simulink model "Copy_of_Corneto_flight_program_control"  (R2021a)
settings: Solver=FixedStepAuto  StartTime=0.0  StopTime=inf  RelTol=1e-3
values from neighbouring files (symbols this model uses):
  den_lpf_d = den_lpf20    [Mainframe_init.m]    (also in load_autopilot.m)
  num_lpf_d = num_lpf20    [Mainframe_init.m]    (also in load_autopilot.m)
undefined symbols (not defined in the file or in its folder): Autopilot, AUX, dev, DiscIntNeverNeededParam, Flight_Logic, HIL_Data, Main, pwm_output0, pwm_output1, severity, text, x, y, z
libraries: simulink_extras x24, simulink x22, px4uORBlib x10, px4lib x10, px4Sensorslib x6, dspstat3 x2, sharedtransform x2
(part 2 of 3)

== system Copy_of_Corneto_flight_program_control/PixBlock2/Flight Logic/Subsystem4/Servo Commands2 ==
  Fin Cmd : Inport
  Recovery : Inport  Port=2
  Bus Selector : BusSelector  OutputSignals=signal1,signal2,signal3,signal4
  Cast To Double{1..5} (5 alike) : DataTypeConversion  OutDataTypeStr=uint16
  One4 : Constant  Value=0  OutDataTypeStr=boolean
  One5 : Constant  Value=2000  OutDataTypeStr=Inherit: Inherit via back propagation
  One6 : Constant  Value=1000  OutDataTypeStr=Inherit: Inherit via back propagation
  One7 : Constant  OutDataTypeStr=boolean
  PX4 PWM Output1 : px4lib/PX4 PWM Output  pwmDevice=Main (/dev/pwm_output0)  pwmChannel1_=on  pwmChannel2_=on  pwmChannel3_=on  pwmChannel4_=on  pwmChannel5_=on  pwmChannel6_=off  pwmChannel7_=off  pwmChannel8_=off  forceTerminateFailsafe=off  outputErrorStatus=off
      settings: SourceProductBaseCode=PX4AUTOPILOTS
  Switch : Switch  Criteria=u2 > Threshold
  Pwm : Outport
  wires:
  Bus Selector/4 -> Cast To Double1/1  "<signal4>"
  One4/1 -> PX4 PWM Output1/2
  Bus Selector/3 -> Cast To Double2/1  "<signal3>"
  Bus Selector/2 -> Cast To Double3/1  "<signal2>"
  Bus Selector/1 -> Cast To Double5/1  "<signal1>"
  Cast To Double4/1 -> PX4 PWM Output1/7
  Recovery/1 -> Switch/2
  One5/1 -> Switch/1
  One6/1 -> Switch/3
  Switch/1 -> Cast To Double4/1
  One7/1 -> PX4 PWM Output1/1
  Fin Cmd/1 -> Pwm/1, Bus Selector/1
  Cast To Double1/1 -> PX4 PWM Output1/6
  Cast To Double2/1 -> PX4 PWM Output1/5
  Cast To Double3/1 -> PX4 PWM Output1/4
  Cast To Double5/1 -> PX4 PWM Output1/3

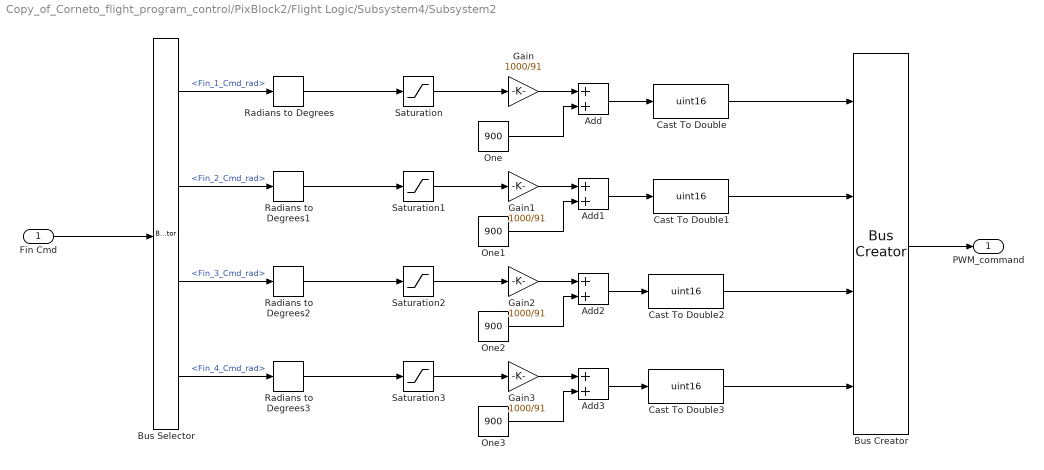
== system Copy_of_Corneto_flight_program_control/PixBlock2/Flight Logic/Subsystem4/Subsystem2 ==
  Fin Cmd : Inport
  Add{,1..3} (4 alike) : Sum
  Bus Selector : BusSelector  OutputSignals=Fin_1_Cmd_rad,Fin_2_Cmd_rad,Fin_3_Cmd_rad,Fin_4_Cmd_rad
  Bus Creator : BusCreator  Inputs=4
  Cast To Double{,1..3} (4 alike) : DataTypeConversion  OutDataTypeStr=uint16
  Gain{,1..3} (4 alike) : Gain  Gain=1000/91
  One{,1..3} (4 alike) : Constant  Value=900  OutDataTypeStr=Inherit: Inherit via back propagation
  Radians to Degrees{,1..3} (4 alike) : simulink_extras/Transformations/Radians to Degrees
  Saturation{,1..3} (4 alike) : Saturate  UpperLimit=20  LowerLimit=-20
  PWM_command : Outport
  wires:
  One2/1 -> Add2/2
  Add2/1 -> Cast To Double2/1
  Radians to Degrees2/1 -> Saturation2/1
  Cast To Double2/1 -> Bus Creator/3
  Gain/1 -> Add/1
  Bus Selector/1 -> Radians to Degrees/1  "<Fin_1_Cmd_rad>"
  Fin Cmd/1 -> Bus Selector/1
  Saturation/1 -> Gain/1
  Bus Selector/2 -> Radians to Degrees1/1  "<Fin_2_Cmd_rad>"
  Radians to Degrees/1 -> Saturation/1
  Saturation3/1 -> Gain3/1
  Cast To Double/1 -> Bus Creator/1
  Add3/1 -> Cast To Double3/1
  Gain1/1 -> Add1/1
  Saturation1/1 -> Gain1/1
  Radians to Degrees1/1 -> Saturation1/1
  Cast To Double3/1 -> Bus Creator/4
  Radians to Degrees3/1 -> Saturation3/1
  Gain2/1 -> Add2/1
  Cast To Double1/1 -> Bus Creator/2
  Bus Selector/3 -> Radians to Degrees2/1  "<Fin_3_Cmd_rad>"
  One1/1 -> Add1/2
  Bus Selector/4 -> Radians to Degrees3/1  "<Fin_4_Cmd_rad>"
  Add/1 -> Cast To Double/1
  One3/1 -> Add3/2
  Add1/1 -> Cast To Double1/1
  Gain3/1 -> Add3/1
  Saturation2/1 -> Gain2/1
  One/1 -> Add/2
  Bus Creator/1 -> PWM_command/1

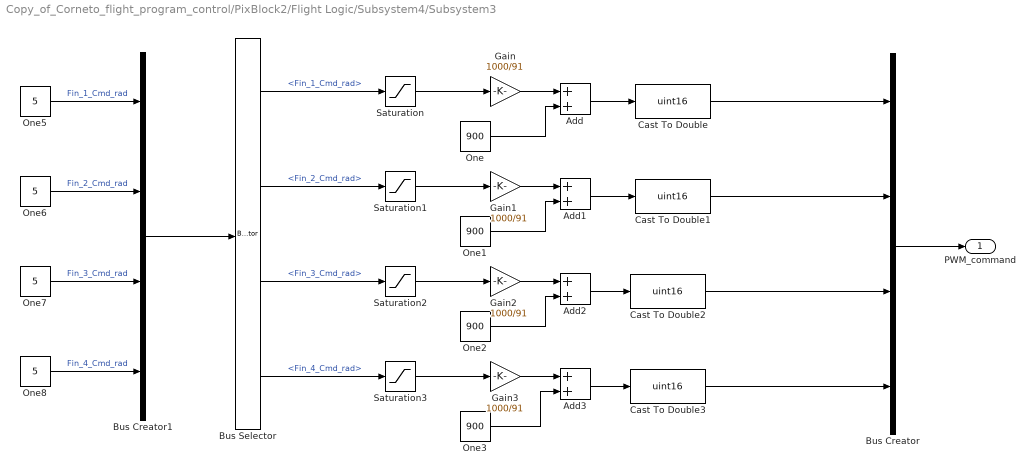
== system Copy_of_Corneto_flight_program_control/PixBlock2/Flight Logic/Subsystem4/Subsystem3 ==
  Add{,1..3} (4 alike) : Sum
  Bus Creator1 : BusCreator  Inputs=4
  Bus Selector : BusSelector  OutputSignals=Fin_1_Cmd_rad,Fin_2_Cmd_rad,Fin_3_Cmd_rad,Fin_4_Cmd_rad
  Bus Creator : BusCreator  Inputs=4
  Cast To Double{,1..3} (4 alike) : DataTypeConversion  OutDataTypeStr=uint16
  Gain{,1..3} (4 alike) : Gain  Gain=1000/91
  One{,1..3} (4 alike) : Constant  Value=900  OutDataTypeStr=Inherit: Inherit via back propagation
  One{5..8} (4 alike) : Constant  Value=5  OutDataTypeStr=Inherit: Inherit via back propagation
  Saturation{,1..3} (4 alike) : Saturate  UpperLimit=20  LowerLimit=-20
  PWM_command : Outport
  wires:
  One2/1 -> Add2/2
  Add2/1 -> Cast To Double2/1
  Cast To Double2/1 -> Bus Creator/3
  Gain/1 -> Add/1
  Bus Selector/1 -> Saturation/1  "<Fin_1_Cmd_rad>"
  Bus Creator1/1 -> Bus Selector/1
  Saturation/1 -> Gain/1
  Bus Selector/2 -> Saturation1/1  "<Fin_2_Cmd_rad>"
  Saturation3/1 -> Gain3/1
  Cast To Double/1 -> Bus Creator/1
  Add3/1 -> Cast To Double3/1
  Gain1/1 -> Add1/1
  Saturation1/1 -> Gain1/1
  Cast To Double3/1 -> Bus Creator/4
  Gain2/1 -> Add2/1
  Cast To Double1/1 -> Bus Creator/2
  Bus Selector/3 -> Saturation2/1  "<Fin_3_Cmd_rad>"
  One1/1 -> Add1/2
  Bus Selector/4 -> Saturation3/1  "<Fin_4_Cmd_rad>"
  Add/1 -> Cast To Double/1
  One3/1 -> Add3/2
  Add1/1 -> Cast To Double1/1
  Gain3/1 -> Add3/1
  Saturation2/1 -> Gain2/1
  One/1 -> Add/2
  Bus Creator/1 -> PWM_command/1
  One5/1 -> Bus Creator1/1  "Fin_1_Cmd_rad"
  One8/1 -> Bus Creator1/4  "Fin_4_Cmd_rad"
  One6/1 -> Bus Creator1/2  "Fin_2_Cmd_rad"
  One7/1 -> Bus Creator1/3  "Fin_3_Cmd_rad"

== system Copy_of_Corneto_flight_program_control/Subsystem/PixBlock2/Emulated Pixhawk/Autopilot ==
  Phi_cmd : Inport
  P_rms : Inport  Port=2
  Alt : Inport  Port=3
  Velocity : Inport  Port=4
  Phi : Inport  Port=5
  Reset_Integrators : Inport  Port=6
  Bus Creator3 : BusCreator  Inputs=3
  Discrete Transfer Fcn : DiscreteTransferFcn  Numerator=[num_lpf_d]  Denominator=[den_lpf_d]
  Phi_Control : Subsystem
  Zero : Constant  Value=0  OutDataTypeStr=Inherit: Inherit via back propagation
  Attitude_Commands : Outport  VectorParamsAs1DForOutWhenUnconnected=off
  P_filter : Outport  Port=2  VectorParamsAs1DForOutWhenUnconnected=off
  wires:
  P_rms/1 -> Discrete Transfer Fcn/1
  Velocity/1 -> Phi_Control/5(V_mps)
  Zero/1 -> [Delta_Cmd_Psi], [Delta_Cmd_Theta]
  [Delta_Cmd_Phi] -> Bus Creator3/1  "Phi_Cmd_rad"
  [Delta_Cmd_Theta] -> Bus Creator3/2  "Theta_Cmd_rad"
  Bus Creator3/1 -> Attitude_Commands/1
  [Delta_Cmd_Psi] -> Bus Creator3/3  "Psi_Cmd_rad"
  Alt/1 -> Phi_Control/6(h_m)
  Phi_Control/1(dela_cmd_rad) -> [Delta_Cmd_Phi]  "Phi_Cmd_rad"
  Discrete Transfer Fcn/1 -> P_filter/1, Phi_Control/3(p_rps)
  Phi/1 -> Phi_Control/2(phi_rad)
  Phi_cmd/1 -> Phi_Control/1(phi_cmd_rad)
  Reset_Integrators/1 -> Phi_Control/4(Reset Integrators)

== system Copy_of_Corneto_flight_program_control/Subsystem/PixBlock2/Emulated Pixhawk/Fin Allocation ==
  Attitude Cmd : Inport
  Bus Creator : BusCreator  Inputs=4
  Bus Selector : BusSelector  OutputSignals=Phi_Cmd_rad,Theta_Cmd_rad,Psi_Cmd_rad
  Demux : Demux
  Vector Concatenate1 : Concatenate  NumInputs=3
  control_allocation : Subsystem
  Fin Cmd : Outport  VectorParamsAs1DForOutWhenUnconnected=off
  wires:
  Demux/4 -> Bus Creator/4  "Fin_4_Cmd_rad"
  control_allocation/1(siB_cmd) -> Demux/1
  Bus Selector/3 -> Vector Concatenate1/3  "<Psi_Cmd_rad>"
  Vector Concatenate1/1 -> control_allocation/1(fin_cmd)  "fin_cmd"
  Bus Selector/1 -> Vector Concatenate1/1  "<Phi_Cmd_rad>"
  Demux/3 -> Bus Creator/3  "Fin_3_Cmd_rad"
  Bus Selector/2 -> Vector Concatenate1/2  "<Theta_Cmd_rad>"
  Demux/1 -> Bus Creator/1  "Fin_1_Cmd_rad"
  Bus Creator/1 -> Fin Cmd/1
  Attitude Cmd/1 -> Bus Selector/1
  Demux/2 -> Bus Creator/2  "Fin_2_Cmd_rad"

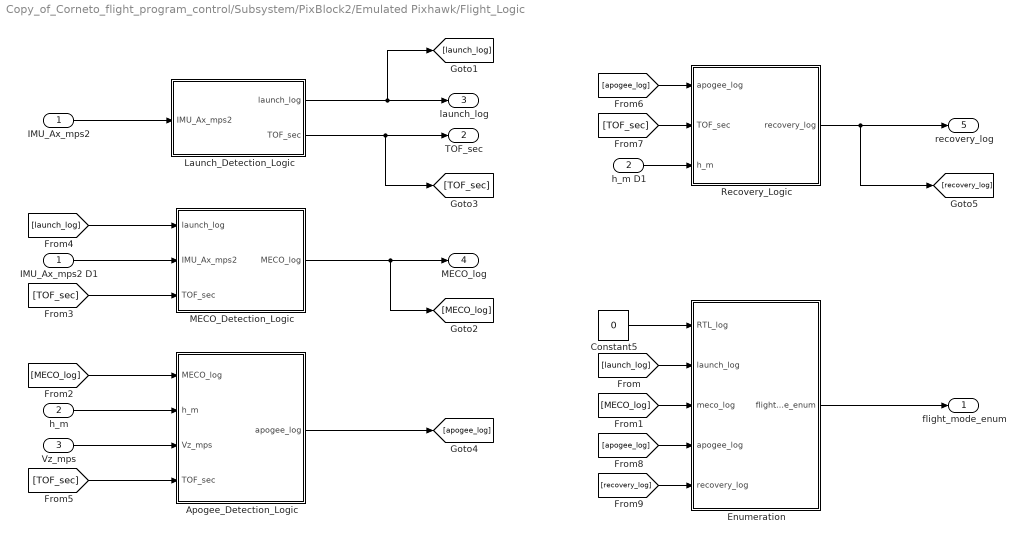
== system Copy_of_Corneto_flight_program_control/Subsystem/PixBlock2/Emulated Pixhawk/Flight_Logic ==
  IMU_Ax_mps2 : Inport
  h_m : Inport  Port=2
  Vz_mps : Inport  Port=3
  Apogee_Detection_Logic : Subsystem
  Constant5 : Constant  Value=0
  Enumeration : Subsystem
  IMU_Ax_mps2 D1 : InportShadow
  Launch_Detection_Logic : Subsystem
  MECO_Detection_Logic : Subsystem
  Recovery_Logic : Subsystem
  h_m D1 : InportShadow  Port=2
  flight_mode_enum : Outport
  TOF_sec : Outport  Port=2
  launch_log : Outport  Port=3
  MECO_log : Outport  Port=4
  recovery_log : Outport  Port=5
  wires:
  Enumeration/1(flight_mode_enum) -> flight_mode_enum/1
  [launch_log] -> Enumeration/2(launch_log)
  [MECO_log] -> Enumeration/3(meco_log)
  IMU_Ax_mps2/1 -> Launch_Detection_Logic/1(IMU_Ax_mps2)
  IMU_Ax_mps2 D1/1 -> MECO_Detection_Logic/2(IMU_Ax_mps2)
  Launch_Detection_Logic/1(launch_log) -> [launch_log], launch_log/1
  Launch_Detection_Logic/2(TOF_sec) -> [TOF_sec], TOF_sec/1
  [launch_log] -> MECO_Detection_Logic/1(launch_log)
  MECO_Detection_Logic/1(MECO_log) -> [MECO_log], MECO_log/1
  [MECO_log] -> Apogee_Detection_Logic/1(MECO_log)
  h_m/1 -> Apogee_Detection_Logic/2(h_m)
  Vz_mps/1 -> Apogee_Detection_Logic/3(Vz_mps)
  Apogee_Detection_Logic/1(apogee_log) -> [apogee_log]
  [TOF_sec] -> MECO_Detection_Logic/3(TOF_sec)
  [TOF_sec] -> Apogee_Detection_Logic/4(TOF_sec)
  Constant5/1 -> Enumeration/1(RTL_log)
  [apogee_log] -> Recovery_Logic/1(apogee_log)
  [TOF_sec] -> Recovery_Logic/2(TOF_sec)
  h_m D1/1 -> Recovery_Logic/3(h_m)
  Recovery_Logic/1(recovery_log) -> [recovery_log], recovery_log/1
  [apogee_log] -> Enumeration/4(apogee_log)
  [recovery_log] -> Enumeration/5(recovery_log)

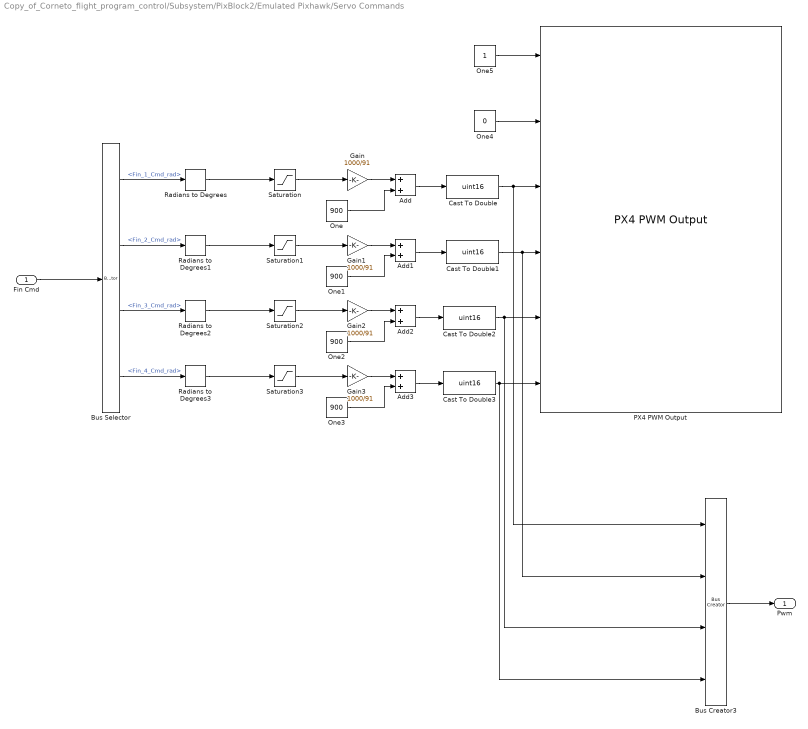
== system Copy_of_Corneto_flight_program_control/Subsystem/PixBlock2/Emulated Pixhawk/Servo Commands ==
  Fin Cmd : Inport
  Add{,1..3} (4 alike) : Sum
  Bus Creator3 : BusCreator  Inputs=4
  Bus Selector : BusSelector  OutputSignals=Fin_1_Cmd_rad,Fin_2_Cmd_rad,Fin_3_Cmd_rad,Fin_4_Cmd_rad
  Cast To Double{,1..3} (4 alike) : DataTypeConversion  OutDataTypeStr=uint16
  Gain{,1..3} (4 alike) : Gain  Gain=1000/91
  One{,1..3} (4 alike) : Constant  Value=900  OutDataTypeStr=Inherit: Inherit via back propagation
  One4 : Constant  Value=0  OutDataTypeStr=boolean  SampleTime=-1
  One5 : Constant  OutDataTypeStr=boolean  SampleTime=-1
  PX4 PWM Output : px4lib/PX4 PWM Output  pwmDevice=AUX (/dev/pwm_output1)  pwmChannel1_=on  pwmChannel2_=on  pwmChannel3_=on  pwmChannel4_=on  pwmChannel5_=off  pwmChannel6_=off  pwmChannel7_=off  pwmChannel8_=off  forceTerminateFailsafe=off  outputErrorStatus=off
      settings: SourceProductBaseCode=PX4AUTOPILOTS
  Radians to Degrees{,1..3} (4 alike) : simulink_extras/Transformations/Radians to Degrees
  Saturation{,1..3} (4 alike) : Saturate  UpperLimit=20  LowerLimit=-20
  Pwm : Outport
  wires:
  Saturation2/1 -> Gain2/1
  One4/1 -> PX4 PWM Output/2
  One/1 -> Add/2
  One2/1 -> Add2/2
  Add1/1 -> Cast To Double1/1
  Gain2/1 -> Add2/1
  Radians to Degrees1/1 -> Saturation1/1
  Add2/1 -> Cast To Double2/1
  Fin Cmd/1 -> Bus Selector/1
  Bus Selector/2 -> Radians to Degrees1/1  "<Fin_2_Cmd_rad>"
  Gain/1 -> Add/1
  Bus Selector/4 -> Radians to Degrees3/1  "<Fin_4_Cmd_rad>"
  One3/1 -> Add3/2
  Saturation/1 -> Gain/1
  Gain1/1 -> Add1/1
  Saturation3/1 -> Gain3/1
  Gain3/1 -> Add3/1
  Radians to Degrees3/1 -> Saturation3/1
  Bus Selector/1 -> Radians to Degrees/1  "<Fin_1_Cmd_rad>"
  Bus Selector/3 -> Radians to Degrees2/1  "<Fin_3_Cmd_rad>"
  Saturation1/1 -> Gain1/1
  Add3/1 -> Cast To Double3/1
  Radians to Degrees2/1 -> Saturation2/1
  Radians to Degrees/1 -> Saturation/1
  One1/1 -> Add1/2
  Add/1 -> Cast To Double/1
  Bus Creator3/1 -> Pwm/1
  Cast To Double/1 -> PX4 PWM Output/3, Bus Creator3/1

====

▶ WHAT THE TASK REQUIRES
Using the listing above, report each line that mentions the word "Enumeration".

▶ EXERCISE SOLUTION
  Enumeration : Subsystem
  Enumeration/1(flight_mode_enum) -> flight_mode_enum/1
  [launch_log] -> Enumeration/2(launch_log)
  [MECO_log] -> Enumeration/3(meco_log)
  Constant5/1 -> Enumeration/1(RTL_log)
  [apogee_log] -> Enumeration/4(apogee_log)
  [recovery_log] -> Enumeration/5(recovery_log)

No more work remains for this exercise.